When the other mice ask Frederick why he is not
working, but sits and stares and dreams and seems half asleep he
replies, “I do work. I gather sunrays for the cold dark winter days. I
gather colours from the meadows, for winter is grey. I gather words, for
the winter days are long and many, and we’ll run out of things to say.” He tells them to close their eyes, “Now I send you the rays of the sun, do you feel their golden glow”, and as Frederick speaks the field mice begin to feel warmer. He tells them of blue periwinkles and red poppies in the yellow wheat and green leaves, and the colours are painted in their minds. He speaks the words he has gathered,
“Who scatters snowflakes? Who melts the ice? In the hectic busyness of our twenty first century it seems incredibly difficult to be a Frederick; to sit long enough to gather the rays of the sun; to be observant and contemplative enough to assimilate the colours of life; to spend times just listening, reading, learning, absorbing words and wisdom.
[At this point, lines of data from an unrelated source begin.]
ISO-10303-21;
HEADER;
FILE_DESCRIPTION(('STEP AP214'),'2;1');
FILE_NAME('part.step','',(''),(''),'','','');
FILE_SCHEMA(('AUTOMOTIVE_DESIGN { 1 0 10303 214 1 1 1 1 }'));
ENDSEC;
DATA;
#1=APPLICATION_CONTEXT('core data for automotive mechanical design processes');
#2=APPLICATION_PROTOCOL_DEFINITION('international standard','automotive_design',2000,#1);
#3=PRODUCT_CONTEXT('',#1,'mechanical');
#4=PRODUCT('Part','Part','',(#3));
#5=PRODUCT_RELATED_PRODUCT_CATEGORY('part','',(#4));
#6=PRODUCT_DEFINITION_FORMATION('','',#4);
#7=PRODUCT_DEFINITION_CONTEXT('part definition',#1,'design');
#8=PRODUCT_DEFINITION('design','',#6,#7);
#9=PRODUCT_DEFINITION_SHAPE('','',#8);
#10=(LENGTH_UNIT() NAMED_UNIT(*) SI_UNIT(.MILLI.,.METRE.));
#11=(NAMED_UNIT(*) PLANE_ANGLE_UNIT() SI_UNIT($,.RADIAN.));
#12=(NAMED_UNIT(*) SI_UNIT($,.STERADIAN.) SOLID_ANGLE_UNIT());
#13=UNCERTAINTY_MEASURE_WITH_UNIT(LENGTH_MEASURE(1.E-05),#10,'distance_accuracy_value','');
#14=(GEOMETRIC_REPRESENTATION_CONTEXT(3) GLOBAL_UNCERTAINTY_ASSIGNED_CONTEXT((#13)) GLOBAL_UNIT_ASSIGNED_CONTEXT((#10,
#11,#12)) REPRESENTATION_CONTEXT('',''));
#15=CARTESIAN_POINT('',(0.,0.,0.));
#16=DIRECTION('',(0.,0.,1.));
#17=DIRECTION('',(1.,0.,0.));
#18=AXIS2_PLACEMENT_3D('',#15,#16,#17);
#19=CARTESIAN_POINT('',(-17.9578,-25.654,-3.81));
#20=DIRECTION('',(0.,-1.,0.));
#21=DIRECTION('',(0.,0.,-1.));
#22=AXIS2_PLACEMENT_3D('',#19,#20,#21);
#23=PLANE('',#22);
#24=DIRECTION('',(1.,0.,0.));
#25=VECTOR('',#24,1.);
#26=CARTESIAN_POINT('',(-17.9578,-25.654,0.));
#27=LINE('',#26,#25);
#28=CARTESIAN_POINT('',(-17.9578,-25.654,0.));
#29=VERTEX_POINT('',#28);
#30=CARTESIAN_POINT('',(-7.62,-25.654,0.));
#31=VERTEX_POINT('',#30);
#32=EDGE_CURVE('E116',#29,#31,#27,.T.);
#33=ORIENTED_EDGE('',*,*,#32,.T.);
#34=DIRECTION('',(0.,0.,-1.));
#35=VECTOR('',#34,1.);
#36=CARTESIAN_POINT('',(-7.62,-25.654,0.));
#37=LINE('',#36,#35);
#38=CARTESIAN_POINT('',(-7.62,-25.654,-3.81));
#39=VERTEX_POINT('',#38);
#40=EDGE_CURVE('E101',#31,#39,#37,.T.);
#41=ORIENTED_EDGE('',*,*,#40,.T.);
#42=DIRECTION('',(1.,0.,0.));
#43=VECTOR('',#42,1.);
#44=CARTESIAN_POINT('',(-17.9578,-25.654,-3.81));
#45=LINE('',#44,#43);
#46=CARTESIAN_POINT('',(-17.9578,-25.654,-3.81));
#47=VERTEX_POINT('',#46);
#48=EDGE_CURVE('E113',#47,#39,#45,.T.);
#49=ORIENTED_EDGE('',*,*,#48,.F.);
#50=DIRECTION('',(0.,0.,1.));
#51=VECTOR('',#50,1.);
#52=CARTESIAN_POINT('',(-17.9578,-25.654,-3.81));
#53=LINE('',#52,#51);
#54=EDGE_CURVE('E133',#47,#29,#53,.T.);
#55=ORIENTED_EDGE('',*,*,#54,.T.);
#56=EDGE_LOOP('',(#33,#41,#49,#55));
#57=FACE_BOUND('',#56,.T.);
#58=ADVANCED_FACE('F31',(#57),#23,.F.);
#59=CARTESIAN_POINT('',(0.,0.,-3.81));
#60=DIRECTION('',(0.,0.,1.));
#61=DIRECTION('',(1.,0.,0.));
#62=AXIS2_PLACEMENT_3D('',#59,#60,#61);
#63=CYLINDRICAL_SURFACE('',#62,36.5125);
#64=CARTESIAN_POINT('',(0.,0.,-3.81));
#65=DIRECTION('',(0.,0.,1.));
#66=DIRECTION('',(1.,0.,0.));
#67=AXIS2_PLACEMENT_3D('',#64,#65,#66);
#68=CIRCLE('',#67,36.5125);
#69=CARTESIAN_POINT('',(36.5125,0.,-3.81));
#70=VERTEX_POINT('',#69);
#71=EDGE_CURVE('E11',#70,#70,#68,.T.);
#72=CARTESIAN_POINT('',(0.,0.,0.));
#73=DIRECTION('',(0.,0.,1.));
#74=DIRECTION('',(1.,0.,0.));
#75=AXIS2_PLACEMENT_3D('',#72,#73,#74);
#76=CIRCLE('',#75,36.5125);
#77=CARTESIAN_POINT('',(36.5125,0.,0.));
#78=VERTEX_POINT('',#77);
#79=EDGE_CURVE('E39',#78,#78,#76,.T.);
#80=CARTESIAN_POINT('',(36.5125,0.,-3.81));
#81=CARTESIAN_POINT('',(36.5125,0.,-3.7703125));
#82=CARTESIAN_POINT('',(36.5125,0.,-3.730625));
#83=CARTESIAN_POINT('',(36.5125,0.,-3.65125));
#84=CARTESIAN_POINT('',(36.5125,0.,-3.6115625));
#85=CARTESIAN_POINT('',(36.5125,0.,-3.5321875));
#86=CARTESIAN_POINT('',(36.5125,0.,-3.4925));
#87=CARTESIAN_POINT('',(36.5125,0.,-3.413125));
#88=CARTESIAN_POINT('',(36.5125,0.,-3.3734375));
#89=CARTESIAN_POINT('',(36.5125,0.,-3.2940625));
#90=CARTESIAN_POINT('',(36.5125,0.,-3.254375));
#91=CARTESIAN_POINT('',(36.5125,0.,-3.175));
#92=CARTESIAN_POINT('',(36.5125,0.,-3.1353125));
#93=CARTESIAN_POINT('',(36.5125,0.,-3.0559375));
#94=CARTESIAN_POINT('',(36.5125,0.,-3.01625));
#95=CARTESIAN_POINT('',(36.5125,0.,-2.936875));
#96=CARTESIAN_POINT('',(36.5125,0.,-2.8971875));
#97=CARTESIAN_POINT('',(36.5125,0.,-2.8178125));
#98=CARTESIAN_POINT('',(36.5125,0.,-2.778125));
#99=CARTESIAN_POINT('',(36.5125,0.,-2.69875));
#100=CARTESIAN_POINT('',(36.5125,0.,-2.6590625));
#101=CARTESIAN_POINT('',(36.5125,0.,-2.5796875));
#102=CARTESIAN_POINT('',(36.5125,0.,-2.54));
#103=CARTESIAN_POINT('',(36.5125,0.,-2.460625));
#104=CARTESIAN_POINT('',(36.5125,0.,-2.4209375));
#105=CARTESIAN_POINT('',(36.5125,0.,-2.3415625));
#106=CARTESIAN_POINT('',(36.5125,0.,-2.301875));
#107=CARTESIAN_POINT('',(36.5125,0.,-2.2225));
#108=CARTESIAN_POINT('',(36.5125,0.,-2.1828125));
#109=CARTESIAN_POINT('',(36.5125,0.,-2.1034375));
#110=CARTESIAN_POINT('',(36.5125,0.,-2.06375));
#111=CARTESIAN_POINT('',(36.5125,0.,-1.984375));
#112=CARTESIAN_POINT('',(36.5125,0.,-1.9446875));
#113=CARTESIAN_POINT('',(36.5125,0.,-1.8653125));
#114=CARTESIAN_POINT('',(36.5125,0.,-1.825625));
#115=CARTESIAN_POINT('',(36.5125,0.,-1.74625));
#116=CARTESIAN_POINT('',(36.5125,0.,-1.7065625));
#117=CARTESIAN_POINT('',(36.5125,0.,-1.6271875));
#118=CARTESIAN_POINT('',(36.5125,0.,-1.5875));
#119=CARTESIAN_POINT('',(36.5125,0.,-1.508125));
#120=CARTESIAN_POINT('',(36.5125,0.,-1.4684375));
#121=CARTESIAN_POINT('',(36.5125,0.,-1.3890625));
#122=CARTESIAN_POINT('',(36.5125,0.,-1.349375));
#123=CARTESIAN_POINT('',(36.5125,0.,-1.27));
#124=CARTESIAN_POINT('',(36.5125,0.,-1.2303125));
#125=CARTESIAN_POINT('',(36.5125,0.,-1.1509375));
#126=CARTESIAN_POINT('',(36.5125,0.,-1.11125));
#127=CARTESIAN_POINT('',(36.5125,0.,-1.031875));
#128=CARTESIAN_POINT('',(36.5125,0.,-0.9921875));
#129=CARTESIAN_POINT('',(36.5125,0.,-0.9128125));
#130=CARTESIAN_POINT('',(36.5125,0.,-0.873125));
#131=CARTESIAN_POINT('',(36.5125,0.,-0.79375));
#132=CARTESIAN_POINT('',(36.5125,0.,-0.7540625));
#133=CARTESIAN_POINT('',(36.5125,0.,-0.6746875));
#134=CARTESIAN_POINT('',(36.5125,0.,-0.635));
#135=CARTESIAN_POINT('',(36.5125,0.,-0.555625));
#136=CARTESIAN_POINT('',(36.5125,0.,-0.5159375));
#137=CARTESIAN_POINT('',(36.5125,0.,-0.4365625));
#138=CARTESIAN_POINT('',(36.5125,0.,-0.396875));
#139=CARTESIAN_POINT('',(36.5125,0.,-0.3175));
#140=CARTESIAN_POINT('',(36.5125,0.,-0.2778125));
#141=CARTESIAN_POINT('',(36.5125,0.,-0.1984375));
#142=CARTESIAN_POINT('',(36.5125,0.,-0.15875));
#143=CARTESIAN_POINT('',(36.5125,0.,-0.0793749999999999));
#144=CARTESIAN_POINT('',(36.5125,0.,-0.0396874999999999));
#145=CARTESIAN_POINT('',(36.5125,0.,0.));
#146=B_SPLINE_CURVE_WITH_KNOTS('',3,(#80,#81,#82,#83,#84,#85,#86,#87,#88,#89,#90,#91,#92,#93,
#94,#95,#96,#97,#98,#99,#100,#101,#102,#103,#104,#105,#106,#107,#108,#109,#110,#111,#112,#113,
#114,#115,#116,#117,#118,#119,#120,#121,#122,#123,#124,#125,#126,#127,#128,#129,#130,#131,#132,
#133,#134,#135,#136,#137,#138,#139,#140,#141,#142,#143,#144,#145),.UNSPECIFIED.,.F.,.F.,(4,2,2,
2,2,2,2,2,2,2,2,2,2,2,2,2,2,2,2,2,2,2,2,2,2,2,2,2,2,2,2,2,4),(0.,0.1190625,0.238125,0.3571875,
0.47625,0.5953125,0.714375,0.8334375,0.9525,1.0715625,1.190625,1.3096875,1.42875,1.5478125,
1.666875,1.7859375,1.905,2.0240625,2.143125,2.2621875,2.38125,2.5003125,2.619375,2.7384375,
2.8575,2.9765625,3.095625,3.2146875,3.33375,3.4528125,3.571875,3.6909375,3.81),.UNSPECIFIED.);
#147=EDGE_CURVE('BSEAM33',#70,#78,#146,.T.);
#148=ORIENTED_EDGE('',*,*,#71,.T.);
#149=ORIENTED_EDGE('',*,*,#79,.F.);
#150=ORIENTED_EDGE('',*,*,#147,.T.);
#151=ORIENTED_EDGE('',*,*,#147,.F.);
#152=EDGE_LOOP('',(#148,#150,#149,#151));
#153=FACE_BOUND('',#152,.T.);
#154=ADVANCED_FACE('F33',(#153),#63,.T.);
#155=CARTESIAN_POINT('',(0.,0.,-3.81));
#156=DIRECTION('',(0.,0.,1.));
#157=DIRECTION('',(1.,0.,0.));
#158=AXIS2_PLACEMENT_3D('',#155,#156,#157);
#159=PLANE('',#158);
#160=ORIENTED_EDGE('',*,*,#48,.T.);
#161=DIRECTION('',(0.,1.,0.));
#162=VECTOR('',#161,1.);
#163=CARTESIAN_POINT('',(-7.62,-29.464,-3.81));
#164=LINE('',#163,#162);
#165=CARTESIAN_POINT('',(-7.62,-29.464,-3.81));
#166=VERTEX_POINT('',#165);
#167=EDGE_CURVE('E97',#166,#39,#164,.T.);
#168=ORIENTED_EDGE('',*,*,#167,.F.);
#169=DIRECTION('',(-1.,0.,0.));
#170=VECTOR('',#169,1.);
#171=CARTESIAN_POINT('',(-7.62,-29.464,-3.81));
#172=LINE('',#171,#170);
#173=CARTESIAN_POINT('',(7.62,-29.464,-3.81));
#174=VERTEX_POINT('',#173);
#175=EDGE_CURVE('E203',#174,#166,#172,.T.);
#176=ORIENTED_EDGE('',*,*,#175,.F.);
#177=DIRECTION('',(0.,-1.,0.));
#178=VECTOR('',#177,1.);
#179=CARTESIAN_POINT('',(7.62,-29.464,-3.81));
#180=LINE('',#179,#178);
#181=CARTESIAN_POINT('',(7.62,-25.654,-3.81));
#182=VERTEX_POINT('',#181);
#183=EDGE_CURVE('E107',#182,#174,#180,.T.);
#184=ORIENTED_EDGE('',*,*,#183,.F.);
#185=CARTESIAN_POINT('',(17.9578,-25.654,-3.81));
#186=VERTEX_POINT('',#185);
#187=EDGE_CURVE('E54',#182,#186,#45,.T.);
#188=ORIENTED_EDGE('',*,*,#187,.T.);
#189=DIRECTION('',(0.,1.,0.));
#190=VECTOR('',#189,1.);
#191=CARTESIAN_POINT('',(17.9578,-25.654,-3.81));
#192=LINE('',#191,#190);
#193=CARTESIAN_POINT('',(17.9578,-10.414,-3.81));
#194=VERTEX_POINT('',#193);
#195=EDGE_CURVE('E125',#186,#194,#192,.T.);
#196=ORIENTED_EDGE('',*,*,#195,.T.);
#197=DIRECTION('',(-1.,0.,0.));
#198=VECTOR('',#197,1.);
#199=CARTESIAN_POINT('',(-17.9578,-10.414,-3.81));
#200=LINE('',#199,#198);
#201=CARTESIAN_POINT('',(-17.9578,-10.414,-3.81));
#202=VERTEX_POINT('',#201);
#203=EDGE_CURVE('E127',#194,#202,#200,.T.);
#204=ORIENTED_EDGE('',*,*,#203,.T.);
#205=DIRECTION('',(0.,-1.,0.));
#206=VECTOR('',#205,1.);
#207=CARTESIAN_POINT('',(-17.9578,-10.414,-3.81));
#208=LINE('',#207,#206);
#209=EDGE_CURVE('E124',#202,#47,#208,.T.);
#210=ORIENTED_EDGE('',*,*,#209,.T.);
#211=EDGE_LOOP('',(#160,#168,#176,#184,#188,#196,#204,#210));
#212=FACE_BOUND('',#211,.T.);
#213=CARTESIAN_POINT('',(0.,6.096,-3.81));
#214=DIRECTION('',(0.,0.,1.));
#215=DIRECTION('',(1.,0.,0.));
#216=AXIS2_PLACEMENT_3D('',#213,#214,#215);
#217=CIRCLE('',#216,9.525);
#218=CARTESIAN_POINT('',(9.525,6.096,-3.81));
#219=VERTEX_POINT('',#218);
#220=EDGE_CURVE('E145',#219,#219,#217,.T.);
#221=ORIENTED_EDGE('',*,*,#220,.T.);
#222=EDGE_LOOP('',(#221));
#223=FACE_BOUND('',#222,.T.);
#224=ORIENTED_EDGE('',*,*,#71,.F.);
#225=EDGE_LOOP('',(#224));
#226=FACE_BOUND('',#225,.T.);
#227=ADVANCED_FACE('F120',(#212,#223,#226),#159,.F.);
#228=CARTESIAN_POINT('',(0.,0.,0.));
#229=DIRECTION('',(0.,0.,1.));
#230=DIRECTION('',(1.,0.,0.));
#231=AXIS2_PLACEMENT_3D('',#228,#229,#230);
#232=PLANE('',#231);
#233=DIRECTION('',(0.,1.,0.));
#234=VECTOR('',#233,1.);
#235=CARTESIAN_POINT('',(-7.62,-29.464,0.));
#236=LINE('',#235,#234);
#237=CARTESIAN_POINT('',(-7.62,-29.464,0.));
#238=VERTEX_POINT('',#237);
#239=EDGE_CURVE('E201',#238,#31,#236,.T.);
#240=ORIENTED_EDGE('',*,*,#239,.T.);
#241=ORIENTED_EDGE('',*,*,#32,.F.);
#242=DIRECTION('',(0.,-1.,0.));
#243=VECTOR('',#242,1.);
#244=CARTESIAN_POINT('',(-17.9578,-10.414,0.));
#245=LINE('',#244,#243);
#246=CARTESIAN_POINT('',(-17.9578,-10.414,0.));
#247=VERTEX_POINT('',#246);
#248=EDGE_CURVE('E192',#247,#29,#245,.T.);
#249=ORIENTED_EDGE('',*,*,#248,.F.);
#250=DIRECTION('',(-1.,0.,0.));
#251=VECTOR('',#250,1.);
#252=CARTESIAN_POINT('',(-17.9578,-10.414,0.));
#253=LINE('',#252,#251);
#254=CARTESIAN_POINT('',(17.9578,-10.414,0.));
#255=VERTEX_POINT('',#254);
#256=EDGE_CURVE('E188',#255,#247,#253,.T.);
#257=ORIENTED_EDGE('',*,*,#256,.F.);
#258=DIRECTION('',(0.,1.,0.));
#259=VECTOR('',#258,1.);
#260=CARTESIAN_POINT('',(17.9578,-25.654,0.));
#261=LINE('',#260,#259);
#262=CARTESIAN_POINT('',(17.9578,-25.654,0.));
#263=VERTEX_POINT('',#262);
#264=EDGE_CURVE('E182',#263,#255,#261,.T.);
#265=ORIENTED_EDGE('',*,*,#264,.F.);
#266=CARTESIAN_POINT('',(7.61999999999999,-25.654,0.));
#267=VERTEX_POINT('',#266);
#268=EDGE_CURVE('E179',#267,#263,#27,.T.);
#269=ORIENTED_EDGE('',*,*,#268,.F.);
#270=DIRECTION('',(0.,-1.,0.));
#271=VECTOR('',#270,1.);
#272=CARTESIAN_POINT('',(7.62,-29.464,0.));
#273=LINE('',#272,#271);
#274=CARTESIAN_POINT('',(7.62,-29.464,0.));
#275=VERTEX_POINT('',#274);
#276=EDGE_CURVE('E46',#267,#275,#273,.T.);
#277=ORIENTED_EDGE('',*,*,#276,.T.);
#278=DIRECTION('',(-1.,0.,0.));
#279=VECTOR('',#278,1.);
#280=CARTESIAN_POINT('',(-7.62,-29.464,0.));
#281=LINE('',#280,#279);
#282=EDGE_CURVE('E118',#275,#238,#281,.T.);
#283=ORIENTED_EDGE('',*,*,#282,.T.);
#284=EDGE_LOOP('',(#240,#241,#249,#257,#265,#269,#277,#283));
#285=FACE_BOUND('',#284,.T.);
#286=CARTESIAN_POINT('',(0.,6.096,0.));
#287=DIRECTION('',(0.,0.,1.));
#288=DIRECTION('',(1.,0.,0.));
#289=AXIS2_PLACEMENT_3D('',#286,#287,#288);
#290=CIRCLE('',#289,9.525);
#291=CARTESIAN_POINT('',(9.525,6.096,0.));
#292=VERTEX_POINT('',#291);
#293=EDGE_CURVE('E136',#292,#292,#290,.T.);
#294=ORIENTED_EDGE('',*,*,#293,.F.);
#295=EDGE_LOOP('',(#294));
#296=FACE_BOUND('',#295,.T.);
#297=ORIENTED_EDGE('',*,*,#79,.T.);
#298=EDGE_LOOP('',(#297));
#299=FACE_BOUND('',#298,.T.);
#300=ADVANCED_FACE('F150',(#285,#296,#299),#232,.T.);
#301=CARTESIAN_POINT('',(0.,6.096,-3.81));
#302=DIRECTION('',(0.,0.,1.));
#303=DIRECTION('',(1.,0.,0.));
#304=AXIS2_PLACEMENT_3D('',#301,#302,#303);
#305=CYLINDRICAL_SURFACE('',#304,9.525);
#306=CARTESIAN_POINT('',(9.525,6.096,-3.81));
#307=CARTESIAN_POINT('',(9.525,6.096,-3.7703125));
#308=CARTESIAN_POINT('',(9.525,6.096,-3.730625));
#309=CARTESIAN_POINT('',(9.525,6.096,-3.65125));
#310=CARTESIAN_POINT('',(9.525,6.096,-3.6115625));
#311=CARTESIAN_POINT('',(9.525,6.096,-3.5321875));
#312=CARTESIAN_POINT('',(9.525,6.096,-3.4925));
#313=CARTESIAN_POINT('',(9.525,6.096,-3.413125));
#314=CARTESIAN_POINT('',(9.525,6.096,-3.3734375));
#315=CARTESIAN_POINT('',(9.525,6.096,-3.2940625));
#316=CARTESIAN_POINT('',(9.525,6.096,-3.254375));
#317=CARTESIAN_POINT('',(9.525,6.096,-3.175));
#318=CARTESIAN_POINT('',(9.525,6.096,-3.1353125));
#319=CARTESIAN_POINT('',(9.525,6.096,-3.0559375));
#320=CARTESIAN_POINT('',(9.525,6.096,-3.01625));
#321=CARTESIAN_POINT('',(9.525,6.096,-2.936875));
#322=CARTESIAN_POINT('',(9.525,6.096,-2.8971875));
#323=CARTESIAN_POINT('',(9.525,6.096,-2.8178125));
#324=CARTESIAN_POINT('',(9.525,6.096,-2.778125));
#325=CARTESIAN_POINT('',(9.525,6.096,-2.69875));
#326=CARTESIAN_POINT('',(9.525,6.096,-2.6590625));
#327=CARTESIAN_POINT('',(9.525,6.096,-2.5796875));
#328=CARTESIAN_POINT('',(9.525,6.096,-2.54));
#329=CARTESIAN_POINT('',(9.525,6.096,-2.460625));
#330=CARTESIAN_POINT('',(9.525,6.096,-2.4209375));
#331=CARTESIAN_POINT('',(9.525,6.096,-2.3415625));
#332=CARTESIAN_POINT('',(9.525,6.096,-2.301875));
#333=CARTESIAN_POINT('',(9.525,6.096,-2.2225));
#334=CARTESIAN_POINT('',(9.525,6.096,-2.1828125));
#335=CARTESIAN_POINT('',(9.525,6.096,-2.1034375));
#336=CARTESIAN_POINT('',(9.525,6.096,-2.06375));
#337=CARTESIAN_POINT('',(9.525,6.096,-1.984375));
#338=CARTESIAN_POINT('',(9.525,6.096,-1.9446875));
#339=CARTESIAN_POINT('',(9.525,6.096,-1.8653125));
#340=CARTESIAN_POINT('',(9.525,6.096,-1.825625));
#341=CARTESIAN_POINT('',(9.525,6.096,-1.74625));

We are inundated with the quick news-grab, the instant programme, the all-there-is-to-learn-in-one-easy-lesson event.
The Bible needs to be reduced to a cartoon strip for
teenagers to read it. The poignant story of the Hunchback of Notredame
is captured in a skitty, flighty, superficial Disneyesque animation.
‘Let’s grab a quick bite at McDonalds’ displaces quality family time at
the dinner table. A musical piece is woven on three guitar chords.
At a time when information tends to substitute for
real knowledge, where style replaces substance and skills and technique
take over from true wisdom we need to cultivate life and character of
greater depth, as difficult as that may be. By all means let’s enjoy the
discovery of a new CDRom and the Internet on our home computer system.
Technology too is a gift of the Creator. But also let’s explore the
heritage of good books, Tolstoy’s ‘War and Peace’, Tolkien’s ‘Lord of
the Rings’, Dickens, C.S.Lewis, Tim Winton.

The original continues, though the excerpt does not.